Designing Copolymer Self-Assembly
Designing Copolymer Self-Assembly
Friday, November 22, 2013
The same evolutionary strategies we used for the design of macroscopic granular molecules (see 3/3/13 entry) can also be applied to the design of more microscopic systems. In collaboration with Juan de Pablo’s group at U of Chicago’s Institute for Molecular Engineering, we showed that this makes it possible to optimize the self-assembly of nano-scale domain patterns in thin films of diblock copolymers.
Directed assembly of block polymers is rapidly becoming a viable strategy for lithographic patterning of nanoscopic features. One of the key attributes of directed assembly is that an underlying chemical or topographic substrate pattern used to direct assembly need not exhibit a direct correspondence with the sought after block polymer morphology, and past work has largely relied on trial-and-error approaches to design appropriate patterns. In this work, a computational evolutionary strategy is proposed to solve this optimization problem. By combining the Cahn–Hilliard equation, which is used to find the equilibrium morphology, and the covariance-matrix evolutionary strategy, which is used to optimize the combined outcome of particular substrate–copolymer combinations, we arrive at an efficient method for design of substrates leading to non-trivial, desirable outcomes.

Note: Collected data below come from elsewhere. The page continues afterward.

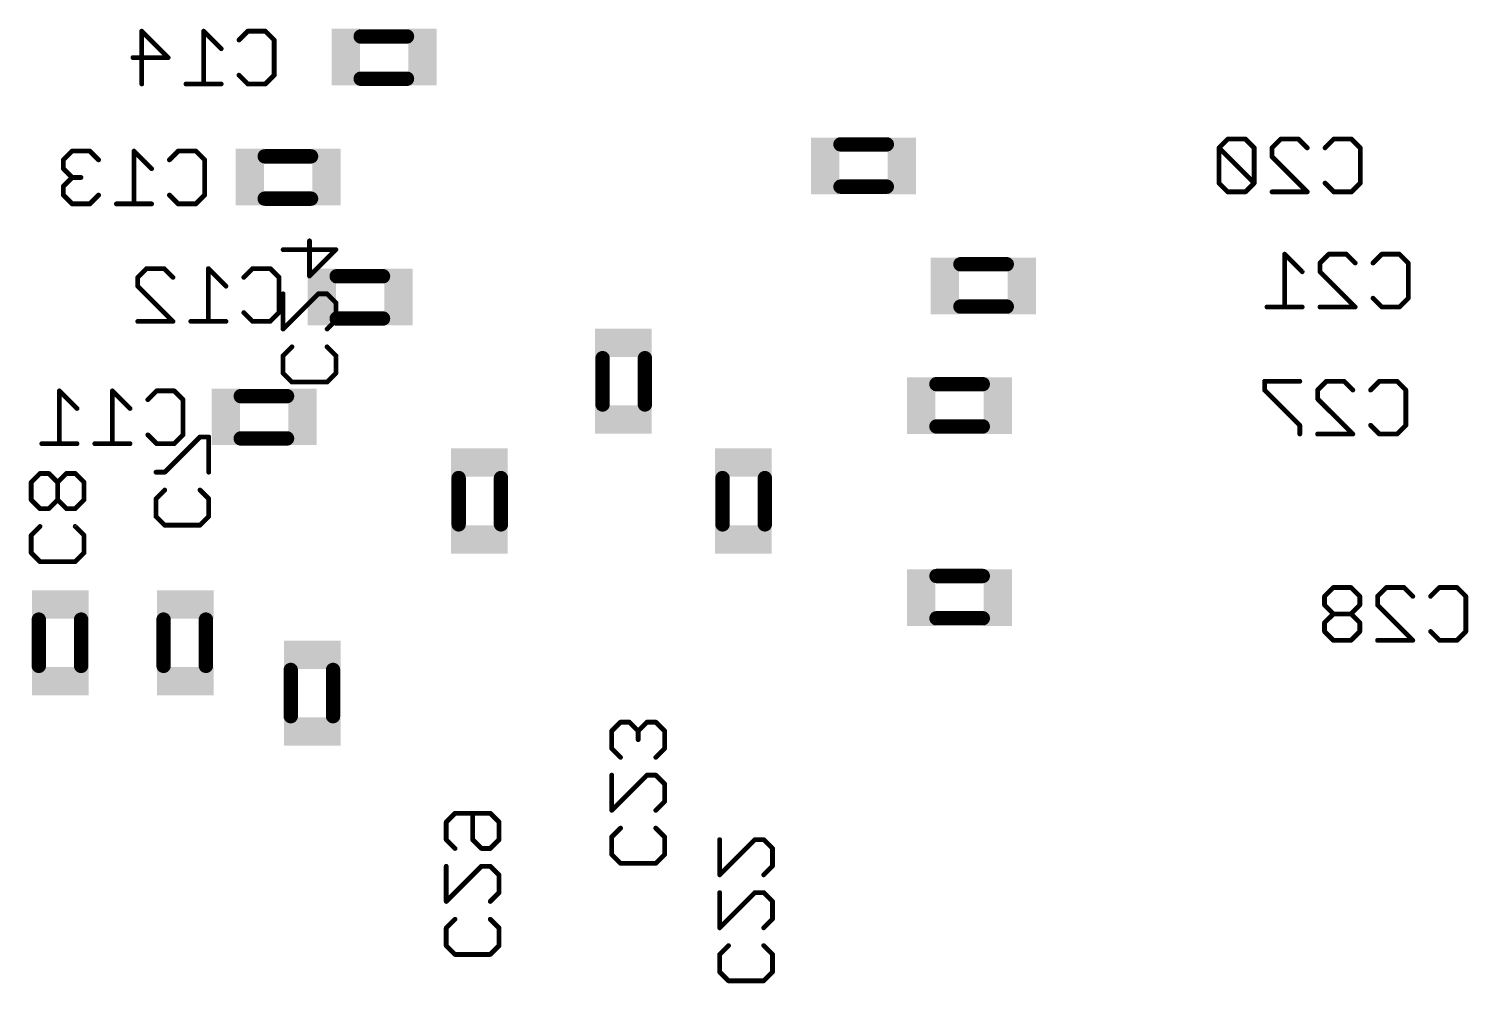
# Model space of a CAD drawing. Extents: x 0.1 to 65, y 0.1 to 59.9.
# Drawn here: x 27.86 to 43.1, y 19.53 to 29.64 of the extents above; entities that cross this region are included whole.
import ezdxf

# ---------------------------------------------------------------- set-up
doc = ezdxf.new("R2010")
doc.units = 0
doc.layers.add('26', color=251, linetype='CONTINUOUS')
doc.layers.add('52', color=251, linetype='CONTINUOUS')

# ---------------------------------------------------------------- blocks, each defined once
blk = doc.blocks.new('RECT')
blk.add_solid([(-0.5, -0.5), (0.5, -0.5), (-0.5, 0.5), (0.5, 0.5)])

msp = doc.modelspace()

# ---------------------------------------------------------------- linework, layer by layer
at = {"layer": '26', "const_width": 0.0508}
for points in [[(29.0599, 29.0576), (29.0599, 29.6169)], [(29.0599, 29.6169), (29.3395, 29.3372)], [(29.9008, 29.4305), (29.7144, 29.6169)], [(29.7144, 29.6169), (29.7144, 29.0576)], [(30.0893, 29.5237), (30.1825, 29.6169)], [(30.1825, 29.6169), (30.3689, 29.6169)], [(30.3689, 29.6169), (30.4621, 29.5237)], [(30.4621, 29.5237), (30.4621, 29.1508)], [(29.3395, 29.3372), (28.9667, 29.3372)], [(30.1825, 29.0576), (30.0893, 29.1508)], [(30.4621, 29.1508), (30.3689, 29.0576)], [(29.9008, 29.0576), (29.528, 29.0576)], [(30.3689, 29.0576), (30.1825, 29.0576)], [(40.5585, 28.4739), (40.4653, 28.3807)], [(40.745, 28.4739), (40.5585, 28.4739)], [(40.8382, 28.3807), (40.745, 28.4739)], [(41.0266, 28.3807), (41.1199, 28.4739)], [(41.1199, 28.4739), (41.3063, 28.4739)], [(41.3063, 28.4739), (41.3995, 28.3807)], [(41.5879, 28.3807), (41.6812, 28.4739)], [(41.6812, 28.4739), (41.8676, 28.4739)], [(41.8676, 28.4739), (41.9608, 28.3807)], [(28.3233, 28.3469), (28.2301, 28.2537)], [(28.5097, 28.3469), (28.3233, 28.3469)], [(28.6029, 28.2537), (28.5097, 28.3469)], [(29.1642, 28.1605), (28.9778, 28.3469)], [(28.9778, 28.3469), (28.9778, 27.7876)], [(29.3527, 28.2537), (29.4459, 28.3469)], [(29.4459, 28.3469), (29.6323, 28.3469)], [(29.6323, 28.3469), (29.7255, 28.2537)], [(40.4653, 28.3807), (40.4653, 28.0078)], [(40.8382, 28.0078), (40.4653, 28.3807)], [(40.8382, 28.0078), (40.8382, 28.3807)], [(41.0266, 28.2874), (41.0266, 28.3807)], [(41.9608, 28.3807), (41.9608, 28.0078)], [(28.2301, 28.2537), (28.2301, 28.1605)], [(29.7255, 28.2537), (29.7255, 27.8808)], [(41.3995, 27.9146), (41.0266, 28.2874)], [(28.2301, 28.1605), (28.3233, 28.0672)], [(28.3233, 28.0672), (28.2301, 27.974)], [(28.3233, 28.0672), (28.4165, 28.0672)], [(28.2301, 27.974), (28.2301, 27.8808)], [(28.2301, 27.8808), (28.3233, 27.7876)], [(28.5097, 27.7876), (28.6029, 27.8808)], [(29.4459, 27.7876), (29.3527, 27.8808)], [(29.7255, 27.8808), (29.6323, 27.7876)], [(40.4653, 28.0078), (40.5585, 27.9146)], [(40.5585, 27.9146), (40.745, 27.9146)], [(40.745, 27.9146), (40.8382, 28.0078)], [(41.0266, 27.9146), (41.3995, 27.9146)], [(41.6812, 27.9146), (41.5879, 28.0078)], [(41.8676, 27.9146), (41.6812, 27.9146)], [(41.9608, 28.0078), (41.8676, 27.9146)], [(28.3233, 27.7876), (28.5097, 27.7876)], [(29.1642, 27.7876), (28.7914, 27.7876)], [(29.6323, 27.7876), (29.4459, 27.7876)], [(30.5562, 27.3027), (31.1155, 27.3027)], [(30.8358, 27.0231), (30.8358, 27.3959)], [(31.1155, 27.3027), (30.8358, 27.0231)], [(41.3462, 27.0683), (41.1598, 27.2547)], [(41.1598, 27.2547), (41.1598, 26.6954)], [(41.5346, 27.1615), (41.6279, 27.2547)], [(41.6279, 27.2547), (41.8143, 27.2547)], [(41.8143, 27.2547), (41.9075, 27.1615)], [(42.096, 27.1615), (42.1892, 27.2547)], [(42.1892, 27.2547), (42.3756, 27.2547)], [(42.3756, 27.2547), (42.4688, 27.1615)], [(29.0175, 27.0091), (29.1107, 27.1023)], [(29.1107, 27.1023), (29.2971, 27.1023)], [(29.2971, 27.1023), (29.3903, 27.0091)], [(29.9516, 26.9159), (29.7652, 27.1023)], [(29.7652, 27.1023), (29.7652, 26.543)], [(30.1401, 27.0091), (30.2333, 27.1023)], [(30.2333, 27.1023), (30.4197, 27.1023)], [(30.4197, 27.1023), (30.5129, 27.0091)], [(41.5346, 27.0683), (41.5346, 27.1615)], [(42.4688, 27.1615), (42.4688, 26.7886)], [(29.0175, 26.9159), (29.0175, 27.0091)], [(30.5129, 27.0091), (30.5129, 26.6362)], [(41.9075, 26.6954), (41.5346, 27.0683)], [(29.3903, 26.543), (29.0175, 26.9159)], [(30.5562, 26.8346), (30.5562, 26.4618)], [(30.5562, 26.4618), (30.9291, 26.8346)], [(30.9291, 26.8346), (31.0223, 26.8346)], [(31.0223, 26.8346), (31.1155, 26.7414)], [(31.1155, 26.7414), (31.1155, 26.555)], [(41.3462, 26.6954), (40.9733, 26.6954)], [(41.5346, 26.6954), (41.9075, 26.6954)], [(42.1892, 26.6954), (42.096, 26.7886)], [(42.3756, 26.6954), (42.1892, 26.6954)], [(42.4688, 26.7886), (42.3756, 26.6954)], [(29.0175, 26.543), (29.3903, 26.543)], [(29.9516, 26.543), (29.5788, 26.543)], [(30.2333, 26.543), (30.1401, 26.6362)], [(30.4197, 26.543), (30.2333, 26.543)], [(30.5129, 26.6362), (30.4197, 26.543)], [(31.1155, 26.555), (31.0223, 26.4618)], [(30.5562, 26.1801), (30.6494, 26.2733)], [(31.0223, 26.2733), (31.1155, 26.1801)], [(30.5562, 25.9937), (30.5562, 26.1801)], [(31.1155, 26.1801), (31.1155, 25.9937)], [(30.6494, 25.9005), (30.5562, 25.9937)], [(31.0223, 25.9005), (30.6494, 25.9005)], [(31.1155, 25.9937), (31.0223, 25.9005)], [(41.3208, 25.9085), (40.9479, 25.9085)], [(40.9479, 25.9085), (40.9479, 25.8153)], [(41.5092, 25.8153), (41.6025, 25.9085)], [(41.6025, 25.9085), (41.7889, 25.9085)], [(41.7889, 25.9085), (41.8821, 25.8153)], [(42.0706, 25.8153), (42.1638, 25.9085)], [(42.1638, 25.9085), (42.3502, 25.9085)], [(42.3502, 25.9085), (42.4434, 25.8153)], [(28.3743, 25.6205), (28.1879, 25.8069)], [(28.1879, 25.8069), (28.1879, 25.2476)], [(28.9356, 25.6205), (28.7492, 25.8069)], [(28.7492, 25.8069), (28.7492, 25.2476)], [(29.1241, 25.7137), (29.2173, 25.8069)], [(29.2173, 25.8069), (29.4037, 25.8069)], [(29.4037, 25.8069), (29.4969, 25.7137)], [(40.9479, 25.8153), (41.3208, 25.4424)], [(41.5092, 25.7221), (41.5092, 25.8153)], [(42.4434, 25.8153), (42.4434, 25.4424)], [(29.4969, 25.7137), (29.4969, 25.3408)], [(41.8821, 25.3492), (41.5092, 25.7221)], [(41.3208, 25.4424), (41.3208, 25.3492)], [(42.1638, 25.3492), (42.0706, 25.4424)], [(42.4434, 25.4424), (42.3502, 25.3492)], [(29.2173, 25.2476), (29.1241, 25.3408)], [(29.6761, 25.3182), (29.3032, 24.9453)], [(29.4969, 25.3408), (29.4037, 25.2476)], [(29.7693, 25.3182), (29.6761, 25.3182)], [(29.7693, 24.9453), (29.7693, 25.3182)], [(41.5092, 25.3492), (41.8821, 25.3492)], [(42.3502, 25.3492), (42.1638, 25.3492)], [(28.3743, 25.2476), (28.0015, 25.2476)], [(28.9356, 25.2476), (28.5628, 25.2476)], [(29.4037, 25.2476), (29.2173, 25.2476)], [(27.9824, 24.9321), (27.8892, 24.8389)], [(27.8892, 24.8389), (27.8892, 24.6525)], [(28.0756, 24.9321), (27.9824, 24.9321)], [(28.1688, 24.8389), (28.0756, 24.9321)], [(28.2621, 24.9321), (28.1688, 24.8389)], [(28.1688, 24.6525), (28.1688, 24.8389)], [(28.3553, 24.9321), (28.2621, 24.9321)], [(28.4485, 24.8389), (28.3553, 24.9321)], [(28.4485, 24.6525), (28.4485, 24.8389)], [(29.3032, 24.9453), (29.21, 24.9453)], [(29.21, 24.6636), (29.3032, 24.7569)], [(29.21, 24.4772), (29.21, 24.6636)], [(29.6761, 24.7569), (29.7693, 24.6636)], [(29.7693, 24.6636), (29.7693, 24.4772)], [(27.8892, 24.6525), (27.9824, 24.5593)], [(27.9824, 24.5593), (28.0756, 24.5593)], [(28.0756, 24.5593), (28.1688, 24.6525)], [(28.1688, 24.6525), (28.2621, 24.5593)], [(28.2621, 24.5593), (28.3553, 24.5593)], [(28.3553, 24.5593), (28.4485, 24.6525)], [(27.8892, 24.2776), (27.9824, 24.3708)], [(28.3553, 24.3708), (28.4485, 24.2776)], [(29.3032, 24.384), (29.21, 24.4772)], [(29.6761, 24.384), (29.3032, 24.384)], [(29.7693, 24.4772), (29.6761, 24.384)], [(27.8892, 24.0912), (27.8892, 24.2776)], [(28.4485, 24.2776), (28.4485, 24.0912)], [(27.9824, 23.998), (27.8892, 24.0912)], [(28.4485, 24.0912), (28.3553, 23.998)], [(28.3553, 23.998), (27.9824, 23.998)], [(41.6761, 23.7241), (41.5829, 23.6309)], [(41.5829, 23.6309), (41.5829, 23.5377)], [(41.8626, 23.7241), (41.6761, 23.7241)], [(41.9558, 23.6309), (41.8626, 23.7241)], [(41.9558, 23.5377), (41.9558, 23.6309)], [(42.1442, 23.6309), (42.2375, 23.7241)], [(42.1442, 23.5377), (42.1442, 23.6309)], [(42.2375, 23.7241), (42.4239, 23.7241)], [(42.4239, 23.7241), (42.5171, 23.6309)], [(42.7056, 23.6309), (42.7988, 23.7241)], [(42.7988, 23.7241), (42.9852, 23.7241)], [(42.9852, 23.7241), (43.0784, 23.6309)], [(43.0784, 23.6309), (43.0784, 23.258)], [(41.5829, 23.5377), (41.6761, 23.4444)], [(41.6761, 23.4444), (41.5829, 23.3512)], [(41.8626, 23.4444), (41.6761, 23.4444)], [(41.8626, 23.4444), (41.9558, 23.5377)], [(41.9558, 23.3512), (41.8626, 23.4444)], [(42.5171, 23.1648), (42.1442, 23.5377)], [(41.5829, 23.3512), (41.5829, 23.258)], [(41.9558, 23.258), (41.9558, 23.3512)], [(41.5829, 23.258), (41.6761, 23.1648)], [(41.6761, 23.1648), (41.8626, 23.1648)], [(41.8626, 23.1648), (41.9558, 23.258)], [(42.1442, 23.1648), (42.5171, 23.1648)], [(42.7988, 23.1648), (42.7056, 23.258)], [(42.9852, 23.1648), (42.7988, 23.1648)], [(43.0784, 23.258), (42.9852, 23.1648)], [(34.1292, 22.2981), (34.036, 22.2049)], [(34.2224, 22.2981), (34.1292, 22.2981)], [(34.3156, 22.2049), (34.2224, 22.2981)], [(34.4089, 22.2981), (34.3156, 22.2049)], [(34.5021, 22.2981), (34.4089, 22.2981)], [(34.5953, 22.2049), (34.5021, 22.2981)], [(34.036, 22.2049), (34.036, 22.0184)], [(34.3156, 22.2049), (34.3156, 22.1116)], [(34.5953, 22.0184), (34.5953, 22.2049)], [(34.036, 22.0184), (34.1292, 21.9252)], [(34.5021, 21.9252), (34.5953, 22.0184)], [(34.036, 21.7368), (34.036, 21.3639)], [(34.036, 21.3639), (34.4089, 21.7368)], [(34.4089, 21.7368), (34.5021, 21.7368)], [(34.5021, 21.7368), (34.5953, 21.6435)], [(34.5953, 21.6435), (34.5953, 21.4571)], [(32.2834, 21.2397), (32.3766, 21.3329)], [(32.3766, 21.3329), (32.7495, 21.3329)], [(32.563, 21.0532), (32.563, 21.3329)], [(32.7495, 21.3329), (32.8427, 21.2397)], [(34.5953, 21.4571), (34.5021, 21.3639)], [(32.2834, 21.0532), (32.2834, 21.2397)], [(32.8427, 21.2397), (32.8427, 21.0532)], [(34.036, 21.0822), (34.1292, 21.1755)], [(34.5021, 21.1755), (34.5953, 21.0822)], [(32.3766, 20.96), (32.2834, 21.0532)], [(32.6562, 20.96), (32.563, 21.0532)], [(32.8427, 21.0532), (32.7495, 20.96)], [(34.036, 20.8958), (34.036, 21.0822)], [(34.5953, 21.0822), (34.5953, 20.8958)], [(35.179, 21.0535), (35.179, 20.6806)], [(35.179, 20.6806), (35.5519, 21.0535)], [(35.5519, 21.0535), (35.6451, 21.0535)], [(35.6451, 21.0535), (35.7383, 20.9603)], [(32.7495, 20.96), (32.6562, 20.96)], [(34.1292, 20.8026), (34.036, 20.8958)], [(34.5953, 20.8958), (34.5021, 20.8026)], [(35.7383, 20.9603), (35.7383, 20.7738)], [(32.2834, 20.7716), (32.2834, 20.3987)], [(32.2834, 20.3987), (32.6562, 20.7716)], [(32.6562, 20.7716), (32.7495, 20.7716)], [(32.7495, 20.7716), (32.8427, 20.6783)], [(34.5021, 20.8026), (34.1292, 20.8026)], [(35.7383, 20.7738), (35.6451, 20.6806)], [(32.8427, 20.6783), (32.8427, 20.4919)], [(32.8427, 20.4919), (32.7495, 20.3987)], [(35.179, 20.4922), (35.179, 20.1193)], [(35.179, 20.1193), (35.5519, 20.4922)], [(35.5519, 20.4922), (35.6451, 20.4922)], [(35.6451, 20.4922), (35.7383, 20.3989)], [(35.7383, 20.3989), (35.7383, 20.2125)], [(32.2834, 20.117), (32.3766, 20.2103)], [(32.2834, 19.9306), (32.2834, 20.117)], [(32.7495, 20.2103), (32.8427, 20.117)], [(32.8427, 20.117), (32.8427, 19.9306)], [(35.7383, 20.2125), (35.6451, 20.1193)], [(32.3766, 19.8374), (32.2834, 19.9306)], [(32.7495, 19.8374), (32.3766, 19.8374)], [(32.8427, 19.9306), (32.7495, 19.8374)], [(35.179, 19.8376), (35.2722, 19.9308)], [(35.179, 19.6512), (35.179, 19.8376)], [(35.6451, 19.9308), (35.7383, 19.8376)], [(35.7383, 19.8376), (35.7383, 19.6512)], [(35.2722, 19.558), (35.179, 19.6512)], [(35.7383, 19.6512), (35.6451, 19.558)], [(35.6451, 19.558), (35.2722, 19.558)]]:
    msp.add_lwpolyline(points, dxfattribs=at)
at = {"layer": '26', "const_width": 0.0254}
for points in [[(29.0726, 29.6169, 1), (29.0472, 29.6169)], [(29.0689, 29.6259, 1), (29.0509, 29.6079)], [(29.7234, 29.6259, 1), (29.7054, 29.6079)], [(29.7271, 29.6169, 1), (29.7017, 29.6169)], [(30.1825, 29.6296, 1), (30.1825, 29.6042)], [(30.1915, 29.6079, 1), (30.1735, 29.6259)], [(30.3779, 29.6259, 1), (30.3599, 29.6079)], [(30.3689, 29.6042, 1), (30.3689, 29.6296)], [(29.8918, 29.4215, 1), (29.9098, 29.4394)], [(30.0803, 29.5326, 1), (30.0983, 29.5147)], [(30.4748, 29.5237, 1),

•Jian Qin, Gurdaman S. Khaira, Yongrui Su, Grant P. Garner, Marc Miskin, Heinrich M. Jaeger, and Juan J. de Pablo, “Optimizing directed self-assembled morphology”, Soft Matter 9, 11467–11472 (2103). pdf file
The image above is from the inside cover of the corresponding issue of Soft Matter. The background shows the spontaneously micro-phase-separated domain pattern (similar to a disordered fingerprint) in the absence of markers on the substrate. The colors red and blue indicate the domains in which one of the two blocks of the copolymer dominates. The typical domain spacing is ~50nm (see also the 12/30/2000 entry). The two rows of squares in the foreground show how marker placement, optimized via the evolutionary algorithm, makes it possible to direct the copolymer domain pattern into self-assembling the 10 letters S.O.F.T.M.A.T.T.E.R.